Dataset excerpts:
--*--

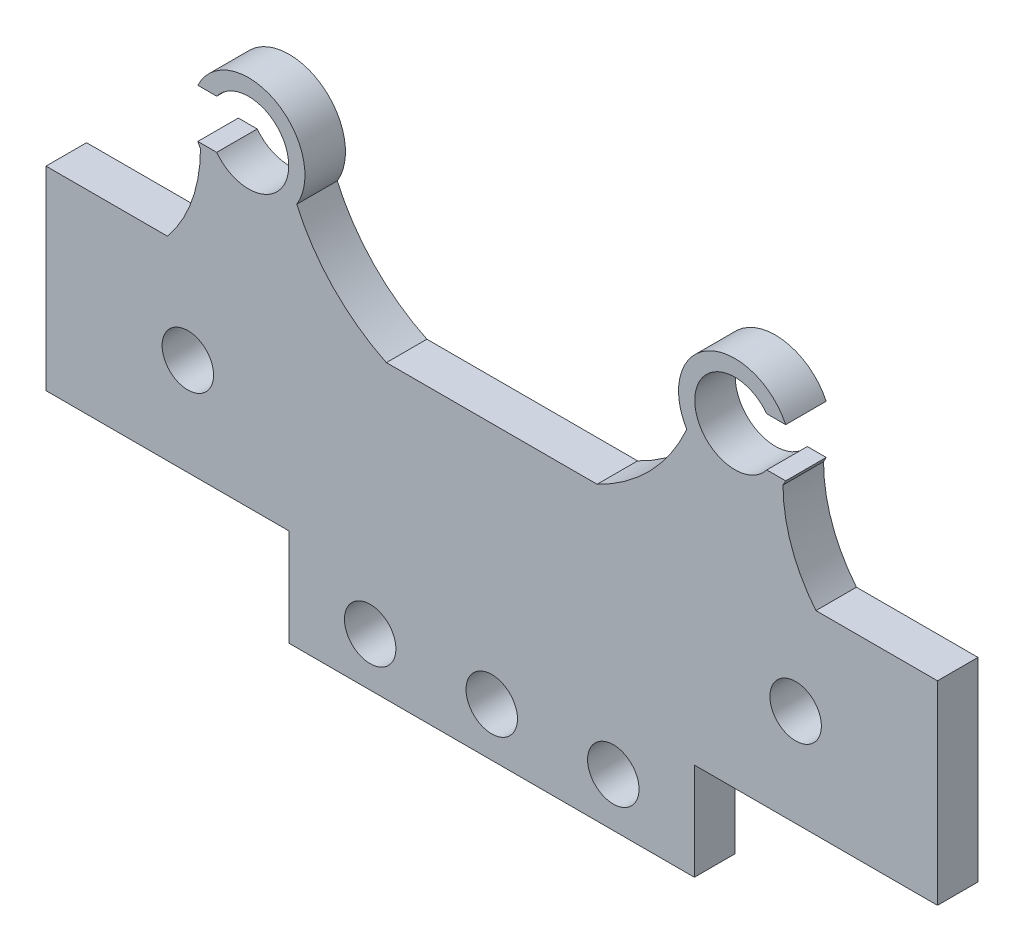
ISO-10303-21;
HEADER;
FILE_DESCRIPTION(('STEP AP214'),'2;1');
FILE_NAME('part.step','',(''),(''),'','','');
FILE_SCHEMA(('AUTOMOTIVE_DESIGN { 1 0 10303 214 1 1 1 1 }'));
ENDSEC;
DATA;
#1=APPLICATION_CONTEXT('core data for automotive mechanical design processes');
#2=APPLICATION_PROTOCOL_DEFINITION('international standard','automotive_design',2000,#1);
#3=PRODUCT_CONTEXT('',#1,'mechanical');
#4=PRODUCT('Part','Part','',(#3));
#5=PRODUCT_RELATED_PRODUCT_CATEGORY('part','',(#4));
#6=PRODUCT_DEFINITION_FORMATION('','',#4);
#7=PRODUCT_DEFINITION_CONTEXT('part definition',#1,'design');
#8=PRODUCT_DEFINITION('design','',#6,#7);
#9=PRODUCT_DEFINITION_SHAPE('','',#8);
#10=(LENGTH_UNIT() NAMED_UNIT(*) SI_UNIT(.MILLI.,.METRE.));
#11=(NAMED_UNIT(*) PLANE_ANGLE_UNIT() SI_UNIT($,.RADIAN.));
#12=(NAMED_UNIT(*) SI_UNIT($,.STERADIAN.) SOLID_ANGLE_UNIT());
#13=UNCERTAINTY_MEASURE_WITH_UNIT(LENGTH_MEASURE(1.E-05),#10,'distance_accuracy_value','');
#14=(GEOMETRIC_REPRESENTATION_CONTEXT(3) GLOBAL_UNCERTAINTY_ASSIGNED_CONTEXT((#13)) GLOBAL_UNIT_ASSIGNED_CONTEXT((#10,
#11,#12)) REPRESENTATION_CONTEXT('',''));
#15=CARTESIAN_POINT('',(0.,0.,0.));
#16=DIRECTION('',(0.,0.,1.));
#17=DIRECTION('',(1.,0.,0.));
#18=AXIS2_PLACEMENT_3D('',#15,#16,#17);
#19=CARTESIAN_POINT('',(53.9385104929325,11.3893777371026,5.));
#20=DIRECTION('',(0.,0.,1.));
#21=DIRECTION('',(1.,0.,0.));
#22=AXIS2_PLACEMENT_3D('',#19,#20,#21);
#23=PLANE('',#22);
#24=CARTESIAN_POINT('',(37.5,-12.,5.));
#25=DIRECTION('',(0.,0.,1.));
#26=DIRECTION('',(-1.,0.,0.));
#27=AXIS2_PLACEMENT_3D('',#24,#25,#26);
#28=CIRCLE('',#27,3.175);
#29=CARTESIAN_POINT('',(34.325,-12.,5.));
#30=VERTEX_POINT('',#29);
#31=EDGE_CURVE('E349',#30,#30,#28,.T.);
#32=ORIENTED_EDGE('',*,*,#31,.F.);
#33=EDGE_LOOP('',(#32));
#34=FACE_BOUND('',#33,.T.);
#35=CARTESIAN_POINT('',(-15.,-30.,5.));
#36=DIRECTION('',(0.,0.,1.));
#37=DIRECTION('',(1.,0.,0.));
#38=AXIS2_PLACEMENT_3D('',#35,#36,#37);
#39=CIRCLE('',#38,3.175);
#40=CARTESIAN_POINT('',(-11.825,-30.,5.));
#41=VERTEX_POINT('',#40);
#42=EDGE_CURVE('E333',#41,#41,#39,.T.);
#43=ORIENTED_EDGE('',*,*,#42,.F.);
#44=EDGE_LOOP('',(#43));
#45=FACE_BOUND('',#44,.T.);
#46=CARTESIAN_POINT('',(-37.5,-12.,5.));
#47=DIRECTION('',(0.,0.,1.));
#48=DIRECTION('',(1.,0.,0.));
#49=AXIS2_PLACEMENT_3D('',#46,#47,#48);
#50=CIRCLE('',#49,3.175);
#51=CARTESIAN_POINT('',(-34.325,-12.,5.));
#52=VERTEX_POINT('',#51);
#53=EDGE_CURVE('E319',#52,#52,#50,.T.);
#54=ORIENTED_EDGE('',*,*,#53,.F.);
#55=EDGE_LOOP('',(#54));
#56=FACE_BOUND('',#55,.T.);
#57=CARTESIAN_POINT('',(0.,-30.,5.));
#58=DIRECTION('',(0.,0.,1.));
#59=DIRECTION('',(1.,0.,0.));
#60=AXIS2_PLACEMENT_3D('',#57,#58,#59);
#61=CIRCLE('',#60,3.175);
#62=CARTESIAN_POINT('',(3.175,-30.,5.));
#63=VERTEX_POINT('',#62);
#64=EDGE_CURVE('E325',#63,#63,#61,.T.);
#65=ORIENTED_EDGE('',*,*,#64,.F.);
#66=EDGE_LOOP('',(#65));
#67=FACE_BOUND('',#66,.T.);
#68=CARTESIAN_POINT('',(15.,-30.,5.));
#69=DIRECTION('',(0.,0.,1.));
#70=DIRECTION('',(-1.,0.,0.));
#71=AXIS2_PLACEMENT_3D('',#68,#69,#70);
#72=CIRCLE('',#71,3.175);
#73=CARTESIAN_POINT('',(11.825,-30.,5.));
#74=VERTEX_POINT('',#73);
#75=EDGE_CURVE('E357',#74,#74,#72,.T.);
#76=ORIENTED_EDGE('',*,*,#75,.F.);
#77=EDGE_LOOP('',(#76));
#78=FACE_BOUND('',#77,.T.);
#79=CARTESIAN_POINT('',(-30.,15.,5.));
#80=DIRECTION('',(0.,0.,1.));
#81=DIRECTION('',(1.,0.,0.));
#82=AXIS2_PLACEMENT_3D('',#79,#80,#81);
#83=CIRCLE('',#82,6.95);
#84=CARTESIAN_POINT('',(-24.0614895070675,11.3893777371027,5.));
#85=VERTEX_POINT('',#84);
#86=CARTESIAN_POINT('',(-36.2691705990506,18.,5.));
#87=VERTEX_POINT('',#86);
#88=EDGE_CURVE('E221',#85,#87,#83,.T.);
#89=ORIENTED_EDGE('',*,*,#88,.T.);
#90=DIRECTION('',(-1.,0.,0.));
#91=VECTOR('',#90,1.);
#92=CARTESIAN_POINT('',(-30.,18.,5.));
#93=LINE('',#92,#91);
#94=CARTESIAN_POINT('',(-33.937321424522,18.,5.));
#95=VERTEX_POINT('',#94);
#96=EDGE_CURVE('E205',#95,#87,#93,.T.);
#97=ORIENTED_EDGE('',*,*,#96,.F.);
#98=CARTESIAN_POINT('',(-30.,15.,5.));
#99=DIRECTION('',(0.,0.,1.));
#100=DIRECTION('',(1.,0.,0.));
#101=AXIS2_PLACEMENT_3D('',#98,#99,#100);
#102=CIRCLE('',#101,4.95);
#103=CARTESIAN_POINT('',(-33.937321424522,12.,5.));
#104=VERTEX_POINT('',#103);
#105=EDGE_CURVE('E308',#104,#95,#102,.T.);
#106=ORIENTED_EDGE('',*,*,#105,.F.);
#107=DIRECTION('',(1.,0.,0.));
#108=VECTOR('',#107,1.);
#109=CARTESIAN_POINT('',(-30.,12.,5.));
#110=LINE('',#109,#108);
#111=CARTESIAN_POINT('',(-36.2691705990506,12.,5.));
#112=VERTEX_POINT('',#111);
#113=EDGE_CURVE('E69',#112,#104,#110,.T.);
#114=ORIENTED_EDGE('',*,*,#113,.F.);
#115=CARTESIAN_POINT('',(-35.9385104929326,11.3893777371026,5.));
#116=VERTEX_POINT('',#115);
#117=EDGE_CURVE('E233',#112,#116,#83,.T.);
#118=ORIENTED_EDGE('',*,*,#117,.T.);
#119=CARTESIAN_POINT('',(-53.9385104929325,11.3893777371026,5.));
#120=DIRECTION('',(0.,0.,-1.));
#121=DIRECTION('',(-1.,0.,0.));
#122=AXIS2_PLACEMENT_3D('',#119,#120,#121);
#123=CIRCLE('',#122,18.);
#124=CARTESIAN_POINT('',(-40.,0.,5.));
#125=VERTEX_POINT('',#124);
#126=EDGE_CURVE('E232',#116,#125,#123,.T.);
#127=ORIENTED_EDGE('',*,*,#126,.T.);
#128=DIRECTION('',(-1.,0.,0.));
#129=VECTOR('',#128,1.);
#130=CARTESIAN_POINT('',(-40.,0.,5.));
#131=LINE('',#130,#129);
#132=CARTESIAN_POINT('',(-55.,0.,5.));
#133=VERTEX_POINT('',#132);
#134=EDGE_CURVE('E257',#125,#133,#131,.T.);
#135=ORIENTED_EDGE('',*,*,#134,.T.);
#136=DIRECTION('',(0.,-1.,0.));
#137=VECTOR('',#136,1.);
#138=CARTESIAN_POINT('',(-55.,0.,5.));
#139=LINE('',#138,#137);
#140=CARTESIAN_POINT('',(-55.,-24.,5.));
#141=VERTEX_POINT('',#140);
#142=EDGE_CURVE('E263',#133,#141,#139,.T.);
#143=ORIENTED_EDGE('',*,*,#142,.T.);
#144=DIRECTION('',(1.,0.,0.));
#145=VECTOR('',#144,1.);
#146=CARTESIAN_POINT('',(-55.,-24.,5.));
#147=LINE('',#146,#145);
#148=CARTESIAN_POINT('',(-25.,-24.,5.));
#149=VERTEX_POINT('',#148);
#150=EDGE_CURVE('E269',#141,#149,#147,.T.);
#151=ORIENTED_EDGE('',*,*,#150,.T.);
#152=DIRECTION('',(0.,-1.,0.));
#153=VECTOR('',#152,1.);
#154=CARTESIAN_POINT('',(-25.,-24.,5.));
#155=LINE('',#154,#153);
#156=CARTESIAN_POINT('',(-25.,-36.,5.));
#157=VERTEX_POINT('',#156);
#158=EDGE_CURVE('E273',#149,#157,#155,.T.);
#159=ORIENTED_EDGE('',*,*,#158,.T.);
#160=DIRECTION('',(1.,0.,0.));
#161=VECTOR('',#160,1.);
#162=CARTESIAN_POINT('',(-25.,-36.,5.));
#163=LINE('',#162,#161);
#164=CARTESIAN_POINT('',(25.,-36.,5.));
#165=VERTEX_POINT('',#164);
#166=EDGE_CURVE('E438',#157,#165,#163,.T.);
#167=ORIENTED_EDGE('',*,*,#166,.T.);
#168=DIRECTION('',(0.,1.,0.));
#169=VECTOR('',#168,1.);
#170=CARTESIAN_POINT('',(25.,-24.,5.));
#171=LINE('',#170,#169);
#172=CARTESIAN_POINT('',(25.,-24.,5.));
#173=VERTEX_POINT('',#172);
#174=EDGE_CURVE('E442',#165,#173,#171,.T.);
#175=ORIENTED_EDGE('',*,*,#174,.T.);
#176=DIRECTION('',(1.,0.,0.));
#177=VECTOR('',#176,1.);
#178=CARTESIAN_POINT('',(55.,-24.,5.));
#179=LINE('',#178,#177);
#180=CARTESIAN_POINT('',(55.,-24.,5.));
#181=VERTEX_POINT('',#180);
#182=EDGE_CURVE('E446',#173,#181,#179,.T.);
#183=ORIENTED_EDGE('',*,*,#182,.T.);
#184=DIRECTION('',(0.,1.,0.));
#185=VECTOR('',#184,1.);
#186=CARTESIAN_POINT('',(55.,0.,5.));
#187=LINE('',#186,#185);
#188=CARTESIAN_POINT('',(55.,0.,5.));
#189=VERTEX_POINT('',#188);
#190=EDGE_CURVE('E452',#181,#189,#187,.T.);
#191=ORIENTED_EDGE('',*,*,#190,.T.);
#192=DIRECTION('',(-1.,0.,0.));
#193=VECTOR('',#192,1.);
#194=CARTESIAN_POINT('',(40.,0.,5.));
#195=LINE('',#194,#193);
#196=CARTESIAN_POINT('',(40.,0.,5.));
#197=VERTEX_POINT('',#196);
#198=EDGE_CURVE('E531',#189,#197,#195,.T.);
#199=ORIENTED_EDGE('',*,*,#198,.T.);
#200=CARTESIAN_POINT('',(53.9385104929325,11.3893777371026,5.));
#201=DIRECTION('',(0.,0.,-1.));
#202=DIRECTION('',(1.,0.,0.));
#203=AXIS2_PLACEMENT_3D('',#200,#201,#202);
#204=CIRCLE('',#203,18.);
#205=CARTESIAN_POINT('',(35.9385104929326,11.3893777371026,5.));
#206=VERTEX_POINT('',#205);
#207=EDGE_CURVE('E527',#197,#206,#204,.T.);
#208=ORIENTED_EDGE('',*,*,#207,.T.);
#209=CARTESIAN_POINT('',(30.,15.,5.));
#210=DIRECTION('',(0.,0.,1.));
#211=DIRECTION('',(-1.,0.,0.));
#212=AXIS2_PLACEMENT_3D('',#209,#210,#211);
#213=CIRCLE('',#212,6.95);
#214=CARTESIAN_POINT('',(36.2691705990506,12.,5.));
#215=VERTEX_POINT('',#214);
#216=EDGE_CURVE('E522',#206,#215,#213,.T.);
#217=ORIENTED_EDGE('',*,*,#216,.T.);
#218=DIRECTION('',(1.,0.,0.));
#219=VECTOR('',#218,1.);
#220=CARTESIAN_POINT('',(30.,12.,5.));
#221=LINE('',#220,#219);
#222=CARTESIAN_POINT('',(33.937321424522,12.,5.));
#223=VERTEX_POINT('',#222);
#224=EDGE_CURVE('E374',#223,#215,#221,.T.);
#225=ORIENTED_EDGE('',*,*,#224,.F.);
#226=CARTESIAN_POINT('',(30.,15.,5.));
#227=DIRECTION('',(0.,0.,1.));
#228=DIRECTION('',(-1.,0.,0.));
#229=AXIS2_PLACEMENT_3D('',#226,#227,#228);
#230=CIRCLE('',#229,4.95);
#231=CARTESIAN_POINT('',(33.937321424522,18.,5.));
#232=VERTEX_POINT('',#231);
#233=EDGE_CURVE('E341',#232,#223,#230,.T.);
#234=ORIENTED_EDGE('',*,*,#233,.F.);
#235=DIRECTION('',(-1.,0.,0.));
#236=VECTOR('',#235,1.);
#237=CARTESIAN_POINT('',(30.,18.,5.));
#238=LINE('',#237,#236);
#239=CARTESIAN_POINT('',(36.2691705990506,18.,5.));
#240=VERTEX_POINT('',#239);
#241=EDGE_CURVE('E379',#240,#232,#238,.T.);
#242=ORIENTED_EDGE('',*,*,#241,.F.);
#243=CARTESIAN_POINT('',(24.0614895070675,11.3893777371026,5.));
#244=VERTEX_POINT('',#243);
#245=EDGE_CURVE('E526',#240,#244,#213,.T.);
#246=ORIENTED_EDGE('',*,*,#245,.T.);
#247=CARTESIAN_POINT('',(3.04543692353487,20.7341909404895,5.));
#248=DIRECTION('',(0.,0.,-1.));
#249=DIRECTION('',(-1.,0.,0.));
#250=AXIS2_PLACEMENT_3D('',#247,#248,#249);
#251=CIRCLE('',#250,23.);
#252=CARTESIAN_POINT('',(13.,0.,5.));
#253=VERTEX_POINT('',#252);
#254=EDGE_CURVE('E518',#244,#253,#251,.T.);
#255=ORIENTED_EDGE('',*,*,#254,.T.);
#256=DIRECTION('',(-1.,0.,0.));
#257=VECTOR('',#256,1.);
#258=CARTESIAN_POINT('',(13.,0.,5.));
#259=LINE('',#258,#257);
#260=CARTESIAN_POINT('',(-13.,0.,5.));
#261=VERTEX_POINT('',#260);
#262=EDGE_CURVE('E515',#253,#261,#259,.T.);
#263=ORIENTED_EDGE('',*,*,#262,.T.);
#264=CARTESIAN_POINT('',(-3.04543692353487,20.7341909404895,5.));
#265=DIRECTION('',(0.,0.,-1.));
#266=DIRECTION('',(1.,0.,0.));
#267=AXIS2_PLACEMENT_3D('',#264,#265,#266);
#268=CIRCLE('',#267,23.);
#269=EDGE_CURVE('E229',#261,#85,#268,.T.);
#270=ORIENTED_EDGE('',*,*,#269,.T.);
#271=EDGE_LOOP('',(#89,#97,#106,#114,#118,#127,#135,#143,#151,#159,#167,#175,#183,#191,#199,
#208,#217,#225,#234,#242,#246,#255,#263,#270));
#272=FACE_BOUND('',#271,.T.);
#273=ADVANCED_FACE('F46',(#34,#45,#56,#67,#78,#272),#23,.T.);
#274=CARTESIAN_POINT('',(53.9385104929325,11.3893777371026,0.));
#275=DIRECTION('',(0.,0.,1.));
#276=DIRECTION('',(1.,0.,0.));
#277=AXIS2_PLACEMENT_3D('',#274,#275,#276);
#278=PLANE('',#277);
#279=CARTESIAN_POINT('',(-37.5,-12.,0.));
#280=DIRECTION('',(0.,0.,1.));
#281=DIRECTION('',(1.,0.,0.));
#282=AXIS2_PLACEMENT_3D('',#279,#280,#281);
#283=CIRCLE('',#282,3.175);
#284=CARTESIAN_POINT('',(-34.325,-12.,0.));
#285=VERTEX_POINT('',#284);
#286=EDGE_CURVE('E321',#285,#285,#283,.T.);
#287=ORIENTED_EDGE('',*,*,#286,.T.);
#288=EDGE_LOOP('',(#287));
#289=FACE_BOUND('',#288,.T.);
#290=CARTESIAN_POINT('',(0.,-30.,0.));
#291=DIRECTION('',(0.,0.,1.));
#292=DIRECTION('',(1.,0.,0.));
#293=AXIS2_PLACEMENT_3D('',#290,#291,#292);
#294=CIRCLE('',#293,3.175);
#295=CARTESIAN_POINT('',(3.175,-30.,0.));
#296=VERTEX_POINT('',#295);
#297=EDGE_CURVE('E329',#296,#296,#294,.T.);
#298=ORIENTED_EDGE('',*,*,#297,.T.);
#299=EDGE_LOOP('',(#298));
#300=FACE_BOUND('',#299,.T.);
#301=CARTESIAN_POINT('',(-15.,-30.,0.));
#302=DIRECTION('',(0.,0.,1.));
#303=DIRECTION('',(1.,0.,0.));
#304=AXIS2_PLACEMENT_3D('',#301,#302,#303);
#305=CIRCLE('',#304,3.175);
#306=CARTESIAN_POINT('',(-11.825,-30.,0.));
#307=VERTEX_POINT('',#306);
#308=EDGE_CURVE('E337',#307,#307,#305,.T.);
#309=ORIENTED_EDGE('',*,*,#308,.T.);
#310=EDGE_LOOP('',(#309));
#311=FACE_BOUND('',#310,.T.);
#312=CARTESIAN_POINT('',(37.5,-12.,0.));
#313=DIRECTION('',(0.,0.,1.));
#314=DIRECTION('',(-1.,0.,0.));
#315=AXIS2_PLACEMENT_3D('',#312,#313,#314);
#316=CIRCLE('',#315,3.175);
#317=CARTESIAN_POINT('',(34.325,-12.,0.));
#318=VERTEX_POINT('',#317);
#319=EDGE_CURVE('E353',#318,#318,#316,.T.);
#320=ORIENTED_EDGE('',*,*,#319,.T.);
#321=EDGE_LOOP('',(#320));
#322=FACE_BOUND('',#321,.T.);
#323=CARTESIAN_POINT('',(15.,-30.,0.));
#324=DIRECTION('',(0.,0.,1.));
#325=DIRECTION('',(-1.,0.,0.));
#326=AXIS2_PLACEMENT_3D('',#323,#324,#325);
#327=CIRCLE('',#326,3.175);
#328=CARTESIAN_POINT('',(11.825,-30.,0.));
#329=VERTEX_POINT('',#328);
#330=EDGE_CURVE('E225',#329,#329,#327,.T.);
#331=ORIENTED_EDGE('',*,*,#330,.T.);
#332=EDGE_LOOP('',(#331));
#333=FACE_BOUND('',#332,.T.);
#334=DIRECTION('',(-1.,0.,0.));
#335=VECTOR('',#334,1.);
#336=CARTESIAN_POINT('',(-30.,18.,0.));
#337=LINE('',#336,#335);
#338=CARTESIAN_POINT('',(-33.937321424522,18.,0.));
#339=VERTEX_POINT('',#338);
#340=CARTESIAN_POINT('',(-36.2691705990506,18.,0.));
#341=VERTEX_POINT('',#340);
#342=EDGE_CURVE('E62',#339,#341,#337,.T.);
#343=ORIENTED_EDGE('',*,*,#342,.T.);
#344=CARTESIAN_POINT('',(-30.,15.,0.));
#345=DIRECTION('',(0.,0.,1.));
#346=DIRECTION('',(1.,0.,0.));
#347=AXIS2_PLACEMENT_3D('',#344,#345,#346);
#348=CIRCLE('',#347,6.95);
#349=CARTESIAN_POINT('',(-24.0614895070675,11.3893777371027,0.));
#350=VERTEX_POINT('',#349);
#351=EDGE_CURVE('E223',#350,#341,#348,.T.);
#352=ORIENTED_EDGE('',*,*,#351,.F.);
#353=CARTESIAN_POINT('',(-3.04543692353487,20.7341909404895,0.));
#354=DIRECTION('',(0.,0.,-1.));
#355=DIRECTION('',(1.,0.,0.));
#356=AXIS2_PLACEMENT_3D('',#353,#354,#355);
#357=CIRCLE('',#356,23.);
#358=CARTESIAN_POINT('',(-13.,0.,0.));
#359=VERTEX_POINT('',#358);
#360=EDGE_CURVE('E690',#359,#350,#357,.T.);
#361=ORIENTED_EDGE('',*,*,#360,.F.);
#362=DIRECTION('',(-1.,0.,0.));
#363=VECTOR('',#362,1.);
#364=CARTESIAN_POINT('',(13.,0.,0.));
#365=LINE('',#364,#363);
#366=CARTESIAN_POINT('',(13.,0.,0.));
#367=VERTEX_POINT('',#366);
#368=EDGE_CURVE('E509',#367,#359,#365,.T.);
#369=ORIENTED_EDGE('',*,*,#368,.F.);
#370=CARTESIAN_POINT('',(3.04543692353487,20.7341909404895,0.));
#371=DIRECTION('',(0.,0.,-1.));
#372=DIRECTION('',(-1.,0.,0.));
#373=AXIS2_PLACEMENT_3D('',#370,#371,#372);
#374=CIRCLE('',#373,23.);
#375=CARTESIAN_POINT('',(24.0614895070675,11.3893777371026,0.));
#376=VERTEX_POINT('',#375);
#377=EDGE_CURVE('E504',#376,#367,#374,.T.);
#378=ORIENTED_EDGE('',*,*,#377,.F.);
#379=CARTESIAN_POINT('',(30.,15.,0.));
#380=DIRECTION('',(0.,0.,1.));
#381=DIRECTION('',(-1.,0.,0.));
#382=AXIS2_PLACEMENT_3D('',#379,#380,#381);
#383=CIRCLE('',#382,6.95);
#384=CARTESIAN_POINT('',(36.2691705990506,18.,0.));
#385=VERTEX_POINT('',#384);
#386=EDGE_CURVE('E505',#385,#376,#383,.T.);
#387=ORIENTED_EDGE('',*,*,#386,.F.);
#388=DIRECTION('',(-1.,0.,0.));
#389=VECTOR('',#388,1.);
#390=CARTESIAN_POINT('',(30.,18.,0.));
#391=LINE('',#390,#389);
#392=CARTESIAN_POINT('',(33.937321424522,18.,0.));
#393=VERTEX_POINT('',#392);
#394=EDGE_CURVE('E380',#385,#393,#391,.T.);
#395=ORIENTED_EDGE('',*,*,#394,.T.);
#396=CARTESIAN_POINT('',(30.,15.,0.));
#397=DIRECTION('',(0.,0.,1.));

--*--

*What the task asks*:
From the records above, give again exactly the lines running from the line with "#123=CIRCLE('',#122,18.);" to the line with "#143=ORIENTED_EDGE('',*,*,#142,.T.);", inclusive.

*Reply to the task*:
#123=CIRCLE('',#122,18.);
#124=CARTESIAN_POINT('',(-40.,0.,5.));
#125=VERTEX_POINT('',#124);
#126=EDGE_CURVE('E232',#116,#125,#123,.T.);
#127=ORIENTED_EDGE('',*,*,#126,.T.);
#128=DIRECTION('',(-1.,0.,0.));
#129=VECTOR('',#128,1.);
#130=CARTESIAN_POINT('',(-40.,0.,5.));
#131=LINE('',#130,#129);
#132=CARTESIAN_POINT('',(-55.,0.,5.));
#133=VERTEX_POINT('',#132);
#134=EDGE_CURVE('E257',#125,#133,#131,.T.);
#135=ORIENTED_EDGE('',*,*,#134,.T.);
#136=DIRECTION('',(0.,-1.,0.));
#137=VECTOR('',#136,1.);
#138=CARTESIAN_POINT('',(-55.,0.,5.));
#139=LINE('',#138,#137);
#140=CARTESIAN_POINT('',(-55.,-24.,5.));
#141=VERTEX_POINT('',#140);
#142=EDGE_CURVE('E263',#133,#141,#139,.T.);
#143=ORIENTED_EDGE('',*,*,#142,.T.);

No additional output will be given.